◆ TASK INSTRUCTIONS ◆
Print the entries exactly as they appear, and omit any images.

◆ MATERIAL PROVIDED ◆
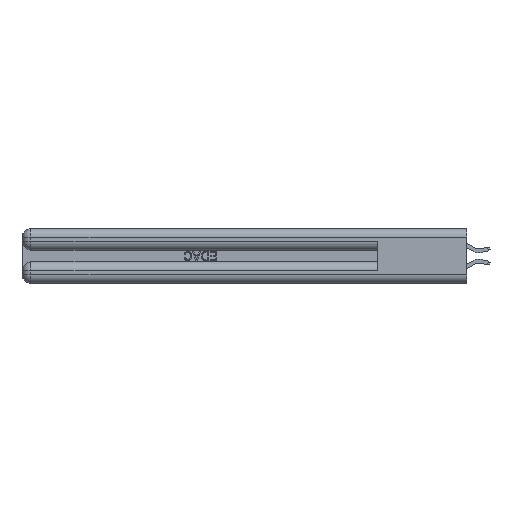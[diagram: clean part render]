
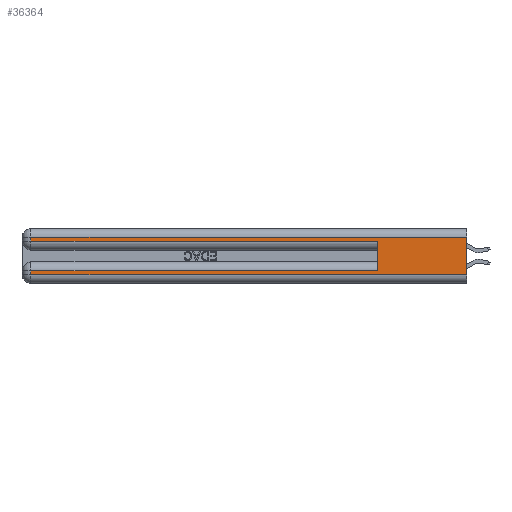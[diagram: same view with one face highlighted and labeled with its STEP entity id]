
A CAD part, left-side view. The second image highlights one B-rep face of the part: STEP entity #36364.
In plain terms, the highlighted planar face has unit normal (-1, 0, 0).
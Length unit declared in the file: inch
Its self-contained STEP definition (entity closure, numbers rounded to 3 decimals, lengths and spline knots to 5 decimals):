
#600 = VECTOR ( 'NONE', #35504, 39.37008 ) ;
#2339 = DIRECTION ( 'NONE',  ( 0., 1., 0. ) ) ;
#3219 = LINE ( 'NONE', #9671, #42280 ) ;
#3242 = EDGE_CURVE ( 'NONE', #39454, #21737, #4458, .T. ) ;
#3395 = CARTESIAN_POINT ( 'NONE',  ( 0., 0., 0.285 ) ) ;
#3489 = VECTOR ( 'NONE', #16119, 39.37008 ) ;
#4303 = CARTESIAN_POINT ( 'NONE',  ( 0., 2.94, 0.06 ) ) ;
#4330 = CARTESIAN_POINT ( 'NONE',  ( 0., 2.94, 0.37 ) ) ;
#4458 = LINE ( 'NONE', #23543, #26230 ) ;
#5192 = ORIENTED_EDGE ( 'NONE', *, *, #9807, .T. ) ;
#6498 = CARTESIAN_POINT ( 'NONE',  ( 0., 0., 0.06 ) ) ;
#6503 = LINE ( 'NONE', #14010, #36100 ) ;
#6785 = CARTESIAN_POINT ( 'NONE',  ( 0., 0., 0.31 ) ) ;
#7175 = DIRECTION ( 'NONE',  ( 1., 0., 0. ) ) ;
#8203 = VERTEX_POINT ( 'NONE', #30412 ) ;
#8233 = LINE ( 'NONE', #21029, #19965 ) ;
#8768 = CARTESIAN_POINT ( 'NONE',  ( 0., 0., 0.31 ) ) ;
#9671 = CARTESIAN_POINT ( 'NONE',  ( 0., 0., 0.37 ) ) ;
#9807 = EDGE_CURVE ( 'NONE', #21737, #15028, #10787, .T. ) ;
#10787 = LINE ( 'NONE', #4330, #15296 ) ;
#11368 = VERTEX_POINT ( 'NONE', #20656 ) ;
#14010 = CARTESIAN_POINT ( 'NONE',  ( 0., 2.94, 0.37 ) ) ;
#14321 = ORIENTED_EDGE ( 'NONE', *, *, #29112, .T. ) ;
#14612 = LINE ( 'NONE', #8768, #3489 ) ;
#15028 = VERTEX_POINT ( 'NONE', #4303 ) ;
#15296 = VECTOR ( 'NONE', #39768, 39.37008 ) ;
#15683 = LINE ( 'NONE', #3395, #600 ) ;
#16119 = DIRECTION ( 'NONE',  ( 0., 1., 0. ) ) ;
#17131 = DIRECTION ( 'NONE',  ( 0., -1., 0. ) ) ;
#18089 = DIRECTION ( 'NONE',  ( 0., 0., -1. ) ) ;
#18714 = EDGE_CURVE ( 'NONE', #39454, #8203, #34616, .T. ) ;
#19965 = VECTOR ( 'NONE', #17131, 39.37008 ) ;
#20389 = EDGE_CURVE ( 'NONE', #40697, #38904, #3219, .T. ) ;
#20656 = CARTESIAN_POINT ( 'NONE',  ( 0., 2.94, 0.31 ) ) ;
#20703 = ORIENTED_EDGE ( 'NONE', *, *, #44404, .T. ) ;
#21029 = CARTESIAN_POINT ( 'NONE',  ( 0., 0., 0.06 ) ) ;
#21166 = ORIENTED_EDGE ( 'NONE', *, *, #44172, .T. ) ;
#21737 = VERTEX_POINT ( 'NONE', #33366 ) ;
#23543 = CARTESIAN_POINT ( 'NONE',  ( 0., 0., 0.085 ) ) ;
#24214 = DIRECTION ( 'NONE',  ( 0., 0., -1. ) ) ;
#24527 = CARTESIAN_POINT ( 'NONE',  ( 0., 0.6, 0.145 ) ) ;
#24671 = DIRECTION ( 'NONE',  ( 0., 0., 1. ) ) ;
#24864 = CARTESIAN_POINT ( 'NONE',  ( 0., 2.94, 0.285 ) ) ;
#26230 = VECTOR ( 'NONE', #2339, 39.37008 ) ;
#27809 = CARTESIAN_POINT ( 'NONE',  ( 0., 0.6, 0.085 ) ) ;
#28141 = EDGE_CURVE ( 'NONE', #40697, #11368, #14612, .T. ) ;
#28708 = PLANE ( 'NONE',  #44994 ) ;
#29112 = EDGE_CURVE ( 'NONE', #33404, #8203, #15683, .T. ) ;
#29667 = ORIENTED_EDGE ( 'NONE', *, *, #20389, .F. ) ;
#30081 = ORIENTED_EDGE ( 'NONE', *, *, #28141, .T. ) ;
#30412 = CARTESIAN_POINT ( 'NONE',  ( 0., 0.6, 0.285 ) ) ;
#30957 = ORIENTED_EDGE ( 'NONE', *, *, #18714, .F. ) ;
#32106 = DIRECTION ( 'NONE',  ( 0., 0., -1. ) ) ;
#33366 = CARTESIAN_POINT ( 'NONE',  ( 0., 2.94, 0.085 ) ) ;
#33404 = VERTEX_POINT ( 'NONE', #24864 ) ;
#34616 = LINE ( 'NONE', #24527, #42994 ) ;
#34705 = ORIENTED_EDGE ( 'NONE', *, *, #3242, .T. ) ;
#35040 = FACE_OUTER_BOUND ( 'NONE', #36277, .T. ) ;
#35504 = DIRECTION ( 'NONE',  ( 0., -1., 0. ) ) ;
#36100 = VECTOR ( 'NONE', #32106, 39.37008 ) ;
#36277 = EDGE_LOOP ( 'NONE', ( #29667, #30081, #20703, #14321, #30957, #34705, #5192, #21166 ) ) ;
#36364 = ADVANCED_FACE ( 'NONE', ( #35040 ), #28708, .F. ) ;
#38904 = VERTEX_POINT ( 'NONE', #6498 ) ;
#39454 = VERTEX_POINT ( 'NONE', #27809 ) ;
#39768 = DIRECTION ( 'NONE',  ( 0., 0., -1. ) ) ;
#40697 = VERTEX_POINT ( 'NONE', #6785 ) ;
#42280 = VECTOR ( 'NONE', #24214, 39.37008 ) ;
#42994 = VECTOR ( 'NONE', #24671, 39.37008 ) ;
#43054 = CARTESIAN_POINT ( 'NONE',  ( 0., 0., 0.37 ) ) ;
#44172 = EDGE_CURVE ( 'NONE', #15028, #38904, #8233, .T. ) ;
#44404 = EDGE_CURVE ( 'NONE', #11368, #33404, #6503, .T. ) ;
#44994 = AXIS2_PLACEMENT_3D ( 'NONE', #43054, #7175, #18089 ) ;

◆ SOLVED EXERCISE ◆
[diagram: clean part render]
[diagram: same view with one face highlighted and labeled with its STEP entity id]
A CAD part, left-side view. The second image highlights one B-rep face of the part: STEP entity #36364.
In plain terms, the highlighted planar face has unit normal (-1, 0, 0).
Length unit declared in the file: inch
Its self-contained STEP definition (entity closure, numbers rounded to 3 decimals, lengths and spline knots to 5 decimals):
#600 = VECTOR ( 'NONE', #35504, 39.37008 ) ;
#2339 = DIRECTION ( 'NONE',  ( 0., 1., 0. ) ) ;
#3219 = LINE ( 'NONE', #9671, #42280 ) ;
#3242 = EDGE_CURVE ( 'NONE', #39454, #21737, #4458, .T. ) ;
#3395 = CARTESIAN_POINT ( 'NONE',  ( 0., 0., 0.285 ) ) ;
#3489 = VECTOR ( 'NONE', #16119, 39.37008 ) ;
#4303 = CARTESIAN_POINT ( 'NONE',  ( 0., 2.94, 0.06 ) ) ;
#4330 = CARTESIAN_POINT ( 'NONE',  ( 0., 2.94, 0.37 ) ) ;
#4458 = LINE ( 'NONE', #23543, #26230 ) ;
#5192 = ORIENTED_EDGE ( 'NONE', *, *, #9807, .T. ) ;
#6498 = CARTESIAN_POINT ( 'NONE',  ( 0., 0., 0.06 ) ) ;
#6503 = LINE ( 'NONE', #14010, #36100 ) ;
#6785 = CARTESIAN_POINT ( 'NONE',  ( 0., 0., 0.31 ) ) ;
#7175 = DIRECTION ( 'NONE',  ( 1., 0., 0. ) ) ;
#8203 = VERTEX_POINT ( 'NONE', #30412 ) ;
#8233 = LINE ( 'NONE', #21029, #19965 ) ;
#8768 = CARTESIAN_POINT ( 'NONE',  ( 0., 0., 0.31 ) ) ;
#9671 = CARTESIAN_POINT ( 'NONE',  ( 0., 0., 0.37 ) ) ;
#9807 = EDGE_CURVE ( 'NONE', #21737, #15028, #10787, .T. ) ;
#10787 = LINE ( 'NONE', #4330, #15296 ) ;
#11368 = VERTEX_POINT ( 'NONE', #20656 ) ;
#14010 = CARTESIAN_POINT ( 'NONE',  ( 0., 2.94, 0.37 ) ) ;
#14321 = ORIENTED_EDGE ( 'NONE', *, *, #29112, .T. ) ;
#14612 = LINE ( 'NONE', #8768, #3489 ) ;
#15028 = VERTEX_POINT ( 'NONE', #4303 ) ;
#15296 = VECTOR ( 'NONE', #39768, 39.37008 ) ;
#15683 = LINE ( 'NONE', #3395, #600 ) ;
#16119 = DIRECTION ( 'NONE',  ( 0., 1., 0. ) ) ;
#17131 = DIRECTION ( 'NONE',  ( 0., -1., 0. ) ) ;
#18089 = DIRECTION ( 'NONE',  ( 0., 0., -1. ) ) ;
#18714 = EDGE_CURVE ( 'NONE', #39454, #8203, #34616, .T. ) ;
#19965 = VECTOR ( 'NONE', #17131, 39.37008 ) ;
#20389 = EDGE_CURVE ( 'NONE', #40697, #38904, #3219, .T. ) ;
#20656 = CARTESIAN_POINT ( 'NONE',  ( 0., 2.94, 0.31 ) ) ;
#20703 = ORIENTED_EDGE ( 'NONE', *, *, #44404, .T. ) ;
#21029 = CARTESIAN_POINT ( 'NONE',  ( 0., 0., 0.06 ) ) ;
#21166 = ORIENTED_EDGE ( 'NONE', *, *, #44172, .T. ) ;
#21737 = VERTEX_POINT ( 'NONE', #33366 ) ;
#23543 = CARTESIAN_POINT ( 'NONE',  ( 0., 0., 0.085 ) ) ;
#24214 = DIRECTION ( 'NONE',  ( 0., 0., -1. ) ) ;
#24527 = CARTESIAN_POINT ( 'NONE',  ( 0., 0.6, 0.145 ) ) ;
#24671 = DIRECTION ( 'NONE',  ( 0., 0., 1. ) ) ;
#24864 = CARTESIAN_POINT ( 'NONE',  ( 0., 2.94, 0.285 ) ) ;
#26230 = VECTOR ( 'NONE', #2339, 39.37008 ) ;
#27809 = CARTESIAN_POINT ( 'NONE',  ( 0., 0.6, 0.085 ) ) ;
#28141 = EDGE_CURVE ( 'NONE', #40697, #11368, #14612, .T. ) ;
#28708 = PLANE ( 'NONE',  #44994 ) ;
#29112 = EDGE_CURVE ( 'NONE', #33404, #8203, #15683, .T. ) ;
#29667 = ORIENTED_EDGE ( 'NONE', *, *, #20389, .F. ) ;
#30081 = ORIENTED_EDGE ( 'NONE', *, *, #28141, .T. ) ;
#30412 = CARTESIAN_POINT ( 'NONE',  ( 0., 0.6, 0.285 ) ) ;
#30957 = ORIENTED_EDGE ( 'NONE', *, *, #18714, .F. ) ;
#32106 = DIRECTION ( 'NONE',  ( 0., 0., -1. ) ) ;
#33366 = CARTESIAN_POINT ( 'NONE',  ( 0., 2.94, 0.085 ) ) ;
#33404 = VERTEX_POINT ( 'NONE', #24864 ) ;
#34616 = LINE ( 'NONE', #24527, #42994 ) ;
#34705 = ORIENTED_EDGE ( 'NONE', *, *, #3242, .T. ) ;
#35040 = FACE_OUTER_BOUND ( 'NONE', #36277, .T. ) ;
#35504 = DIRECTION ( 'NONE',  ( 0., -1., 0. ) ) ;
#36100 = VECTOR ( 'NONE', #32106, 39.37008 ) ;
#36277 = EDGE_LOOP ( 'NONE', ( #29667, #30081, #20703, #14321, #30957, #34705, #5192, #21166 ) ) ;
#36364 = ADVANCED_FACE ( 'NONE', ( #35040 ), #28708, .F. ) ;
#38904 = VERTEX_POINT ( 'NONE', #6498 ) ;
#39454 = VERTEX_POINT ( 'NONE', #27809 ) ;
#39768 = DIRECTION ( 'NONE',  ( 0., 0., -1. ) ) ;
#40697 = VERTEX_POINT ( 'NONE', #6785 ) ;
#42280 = VECTOR ( 'NONE', #24214, 39.37008 ) ;
#42994 = VECTOR ( 'NONE', #24671, 39.37008 ) ;
#43054 = CARTESIAN_POINT ( 'NONE',  ( 0., 0., 0.37 ) ) ;
#44172 = EDGE_CURVE ( 'NONE', #15028, #38904, #8233, .T. ) ;
#44404 = EDGE_CURVE ( 'NONE', #11368, #33404, #6503, .T. ) ;
#44994 = AXIS2_PLACEMENT_3D ( 'NONE', #43054, #7175, #18089 ) ;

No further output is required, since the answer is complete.